_Try it_
Please set down each record exactly as it appears, but leave out any pictures.

(Collection entries)

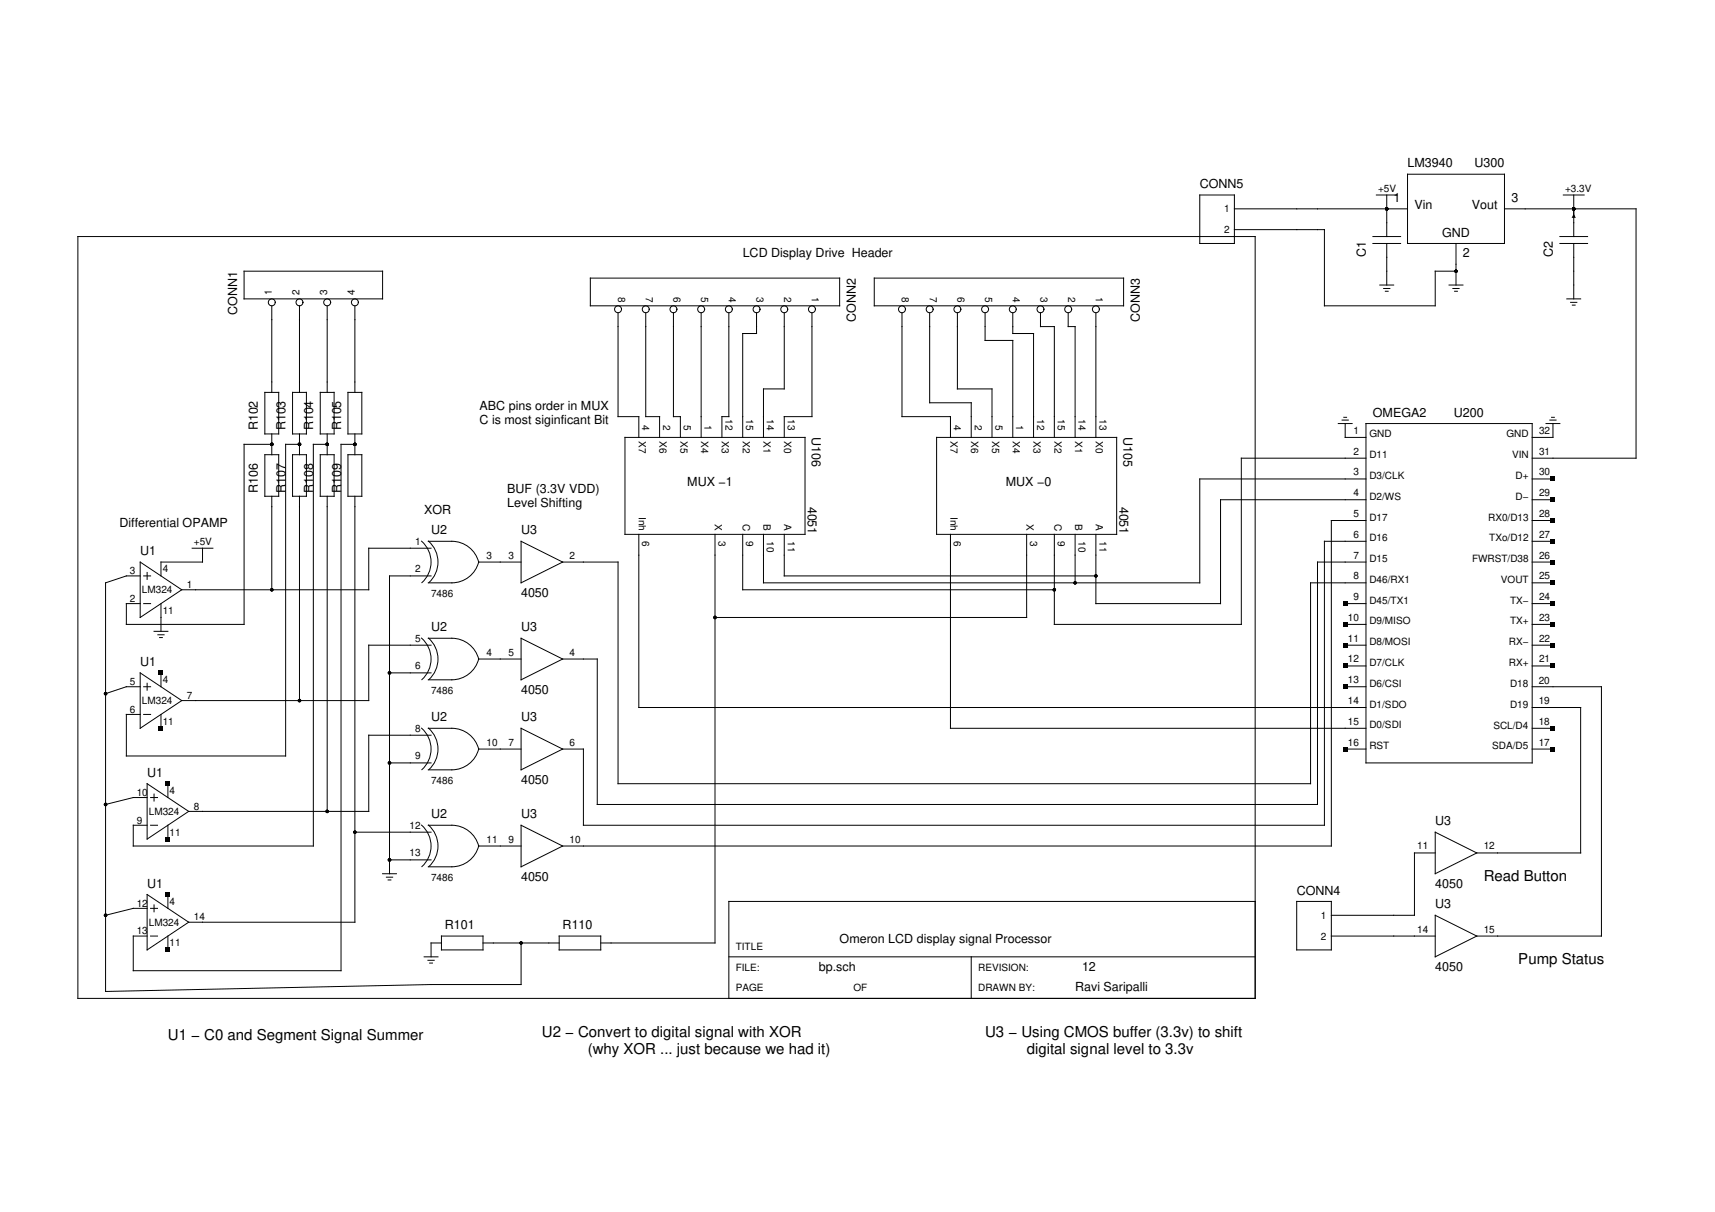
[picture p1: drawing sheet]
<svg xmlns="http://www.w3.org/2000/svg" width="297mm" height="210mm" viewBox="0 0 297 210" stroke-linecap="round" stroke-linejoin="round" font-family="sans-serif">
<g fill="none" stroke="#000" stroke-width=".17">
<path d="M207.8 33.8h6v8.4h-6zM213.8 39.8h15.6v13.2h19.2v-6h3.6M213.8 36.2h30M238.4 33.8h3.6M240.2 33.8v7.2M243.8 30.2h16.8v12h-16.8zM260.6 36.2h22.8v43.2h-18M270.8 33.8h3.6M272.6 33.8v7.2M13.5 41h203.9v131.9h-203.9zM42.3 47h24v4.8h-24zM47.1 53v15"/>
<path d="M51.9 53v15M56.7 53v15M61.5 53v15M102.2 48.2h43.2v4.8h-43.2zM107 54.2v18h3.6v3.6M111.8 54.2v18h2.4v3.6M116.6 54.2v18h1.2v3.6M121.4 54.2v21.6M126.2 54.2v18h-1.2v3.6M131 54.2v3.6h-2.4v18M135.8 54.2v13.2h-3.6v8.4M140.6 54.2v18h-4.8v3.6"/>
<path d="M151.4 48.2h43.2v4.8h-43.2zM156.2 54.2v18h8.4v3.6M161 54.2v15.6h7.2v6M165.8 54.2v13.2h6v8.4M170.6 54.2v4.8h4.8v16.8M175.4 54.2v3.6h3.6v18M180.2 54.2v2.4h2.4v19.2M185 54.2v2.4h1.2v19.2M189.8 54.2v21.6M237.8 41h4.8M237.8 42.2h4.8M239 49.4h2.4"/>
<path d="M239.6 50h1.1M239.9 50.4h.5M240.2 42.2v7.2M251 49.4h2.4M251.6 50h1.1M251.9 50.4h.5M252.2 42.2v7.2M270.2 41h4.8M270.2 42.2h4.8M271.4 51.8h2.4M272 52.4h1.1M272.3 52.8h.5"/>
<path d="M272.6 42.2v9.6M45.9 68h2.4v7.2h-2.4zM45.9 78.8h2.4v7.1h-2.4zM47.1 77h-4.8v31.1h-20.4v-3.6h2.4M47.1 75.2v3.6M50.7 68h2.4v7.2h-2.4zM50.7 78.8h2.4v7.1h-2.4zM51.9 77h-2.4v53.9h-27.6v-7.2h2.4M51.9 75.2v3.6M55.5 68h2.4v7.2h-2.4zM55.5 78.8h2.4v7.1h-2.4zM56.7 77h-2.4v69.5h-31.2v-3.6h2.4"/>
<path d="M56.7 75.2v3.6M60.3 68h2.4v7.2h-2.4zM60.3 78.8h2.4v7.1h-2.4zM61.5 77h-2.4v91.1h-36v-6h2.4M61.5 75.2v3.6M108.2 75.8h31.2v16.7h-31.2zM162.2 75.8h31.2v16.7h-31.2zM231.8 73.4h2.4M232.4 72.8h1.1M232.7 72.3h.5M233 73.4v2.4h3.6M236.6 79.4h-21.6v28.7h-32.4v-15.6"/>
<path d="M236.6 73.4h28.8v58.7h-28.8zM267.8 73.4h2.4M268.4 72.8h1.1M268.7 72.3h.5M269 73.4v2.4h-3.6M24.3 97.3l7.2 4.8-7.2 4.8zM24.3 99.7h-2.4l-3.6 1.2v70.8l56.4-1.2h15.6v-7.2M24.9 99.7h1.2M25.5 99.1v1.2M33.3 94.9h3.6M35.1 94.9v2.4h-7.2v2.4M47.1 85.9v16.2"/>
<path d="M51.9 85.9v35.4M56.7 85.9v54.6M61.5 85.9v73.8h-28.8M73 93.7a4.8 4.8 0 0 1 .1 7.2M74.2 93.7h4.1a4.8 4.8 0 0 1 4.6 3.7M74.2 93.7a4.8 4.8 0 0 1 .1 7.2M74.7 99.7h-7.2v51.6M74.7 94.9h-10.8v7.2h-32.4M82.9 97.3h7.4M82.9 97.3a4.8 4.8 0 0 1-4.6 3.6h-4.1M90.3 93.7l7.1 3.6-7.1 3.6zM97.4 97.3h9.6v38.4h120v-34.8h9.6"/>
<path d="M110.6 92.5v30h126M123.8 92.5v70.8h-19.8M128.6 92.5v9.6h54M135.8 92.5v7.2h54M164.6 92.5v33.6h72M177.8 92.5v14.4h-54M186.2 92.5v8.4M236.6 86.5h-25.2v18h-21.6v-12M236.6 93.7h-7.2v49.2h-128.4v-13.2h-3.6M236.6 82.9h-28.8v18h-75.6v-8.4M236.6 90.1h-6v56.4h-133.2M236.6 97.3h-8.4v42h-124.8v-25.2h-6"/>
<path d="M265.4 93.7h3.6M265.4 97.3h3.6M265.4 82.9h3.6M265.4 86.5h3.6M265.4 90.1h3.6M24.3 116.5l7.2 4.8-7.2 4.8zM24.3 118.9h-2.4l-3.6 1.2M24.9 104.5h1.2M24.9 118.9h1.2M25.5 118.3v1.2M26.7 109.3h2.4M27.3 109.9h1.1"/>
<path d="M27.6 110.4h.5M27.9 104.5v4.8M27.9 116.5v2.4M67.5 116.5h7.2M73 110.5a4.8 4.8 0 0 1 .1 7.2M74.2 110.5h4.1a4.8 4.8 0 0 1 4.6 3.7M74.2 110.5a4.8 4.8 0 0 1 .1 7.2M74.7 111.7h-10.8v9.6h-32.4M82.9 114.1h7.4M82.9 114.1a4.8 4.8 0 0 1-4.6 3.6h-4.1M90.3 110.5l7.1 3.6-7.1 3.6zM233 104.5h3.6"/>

_Answer area_
[picture p1: drawing sheet]
<svg xmlns="http://www.w3.org/2000/svg" width="297mm" height="210mm" viewBox="0 0 297 210" stroke-linecap="round" stroke-linejoin="round" font-family="sans-serif">
<g fill="none" stroke="#000" stroke-width=".17">
<path d="M207.8 33.8h6v8.4h-6zM213.8 39.8h15.6v13.2h19.2v-6h3.6M213.8 36.2h30M238.4 33.8h3.6M240.2 33.8v7.2M243.8 30.2h16.8v12h-16.8zM260.6 36.2h22.8v43.2h-18M270.8 33.8h3.6M272.6 33.8v7.2M13.5 41h203.9v131.9h-203.9zM42.3 47h24v4.8h-24zM47.1 53v15"/>
<path d="M51.9 53v15M56.7 53v15M61.5 53v15M102.2 48.2h43.2v4.8h-43.2zM107 54.2v18h3.6v3.6M111.8 54.2v18h2.4v3.6M116.6 54.2v18h1.2v3.6M121.4 54.2v21.6M126.2 54.2v18h-1.2v3.6M131 54.2v3.6h-2.4v18M135.8 54.2v13.2h-3.6v8.4M140.6 54.2v18h-4.8v3.6"/>
<path d="M151.4 48.2h43.2v4.8h-43.2zM156.2 54.2v18h8.4v3.6M161 54.2v15.6h7.2v6M165.8 54.2v13.2h6v8.4M170.6 54.2v4.8h4.8v16.8M175.4 54.2v3.6h3.6v18M180.2 54.2v2.4h2.4v19.2M185 54.2v2.4h1.2v19.2M189.8 54.2v21.6M237.8 41h4.8M237.8 42.2h4.8M239 49.4h2.4"/>
<path d="M239.6 50h1.1M239.9 50.4h.5M240.2 42.2v7.2M251 49.4h2.4M251.6 50h1.1M251.9 50.4h.5M252.2 42.2v7.2M270.2 41h4.8M270.2 42.2h4.8M271.4 51.8h2.4M272 52.4h1.1M272.3 52.8h.5"/>
<path d="M272.6 42.2v9.6M45.9 68h2.4v7.2h-2.4zM45.9 78.8h2.4v7.1h-2.4zM47.1 77h-4.8v31.1h-20.4v-3.6h2.4M47.1 75.2v3.6M50.7 68h2.4v7.2h-2.4zM50.7 78.8h2.4v7.1h-2.4zM51.9 77h-2.4v53.9h-27.6v-7.2h2.4M51.9 75.2v3.6M55.5 68h2.4v7.2h-2.4zM55.5 78.8h2.4v7.1h-2.4zM56.7 77h-2.4v69.5h-31.2v-3.6h2.4"/>
<path d="M56.7 75.2v3.6M60.3 68h2.4v7.2h-2.4zM60.3 78.8h2.4v7.1h-2.4zM61.5 77h-2.4v91.1h-36v-6h2.4M61.5 75.2v3.6M108.2 75.8h31.2v16.7h-31.2zM162.2 75.8h31.2v16.7h-31.2zM231.8 73.4h2.4M232.4 72.8h1.1M232.7 72.3h.5M233 73.4v2.4h3.6M236.6 79.4h-21.6v28.7h-32.4v-15.6"/>
<path d="M236.6 73.4h28.8v58.7h-28.8zM267.8 73.4h2.4M268.4 72.8h1.1M268.7 72.3h.5M269 73.4v2.4h-3.6M24.3 97.3l7.2 4.8-7.2 4.8zM24.3 99.7h-2.4l-3.6 1.2v70.8l56.4-1.2h15.6v-7.2M24.9 99.7h1.2M25.5 99.1v1.2M33.3 94.9h3.6M35.1 94.9v2.4h-7.2v2.4M47.1 85.9v16.2"/>
<path d="M51.9 85.9v35.4M56.7 85.9v54.6M61.5 85.9v73.8h-28.8M73 93.7a4.8 4.8 0 0 1 .1 7.2M74.2 93.7h4.1a4.8 4.8 0 0 1 4.6 3.7M74.2 93.7a4.8 4.8 0 0 1 .1 7.2M74.7 99.7h-7.2v51.6M74.7 94.9h-10.8v7.2h-32.4M82.9 97.3h7.4M82.9 97.3a4.8 4.8 0 0 1-4.6 3.6h-4.1M90.3 93.7l7.1 3.6-7.1 3.6zM97.4 97.3h9.6v38.4h120v-34.8h9.6"/>
<path d="M110.6 92.5v30h126M123.8 92.5v70.8h-19.8M128.6 92.5v9.6h54M135.8 92.5v7.2h54M164.6 92.5v33.6h72M177.8 92.5v14.4h-54M186.2 92.5v8.4M236.6 86.5h-25.2v18h-21.6v-12M236.6 93.7h-7.2v49.2h-128.4v-13.2h-3.6M236.6 82.9h-28.8v18h-75.6v-8.4M236.6 90.1h-6v56.4h-133.2M236.6 97.3h-8.4v42h-124.8v-25.2h-6"/>
<path d="M265.4 93.7h3.6M265.4 97.3h3.6M265.4 82.9h3.6M265.4 86.5h3.6M265.4 90.1h3.6M24.3 116.5l7.2 4.8-7.2 4.8zM24.3 118.9h-2.4l-3.6 1.2M24.9 104.5h1.2M24.9 118.9h1.2M25.5 118.3v1.2M26.7 109.3h2.4M27.3 109.9h1.1"/>
<path d="M27.6 110.4h.5M27.9 104.5v4.8M27.9 116.5v2.4M67.5 116.5h7.2M73 110.5a4.8 4.8 0 0 1 .1 7.2M74.2 110.5h4.1a4.8 4.8 0 0 1 4.6 3.7M74.2 110.5a4.8 4.8 0 0 1 .1 7.2M74.7 111.7h-10.8v9.6h-32.4M82.9 114.1h7.4M82.9 114.1a4.8 4.8 0 0 1-4.6 3.6h-4.1M90.3 110.5l7.1 3.6-7.1 3.6zM233 104.5h3.6"/>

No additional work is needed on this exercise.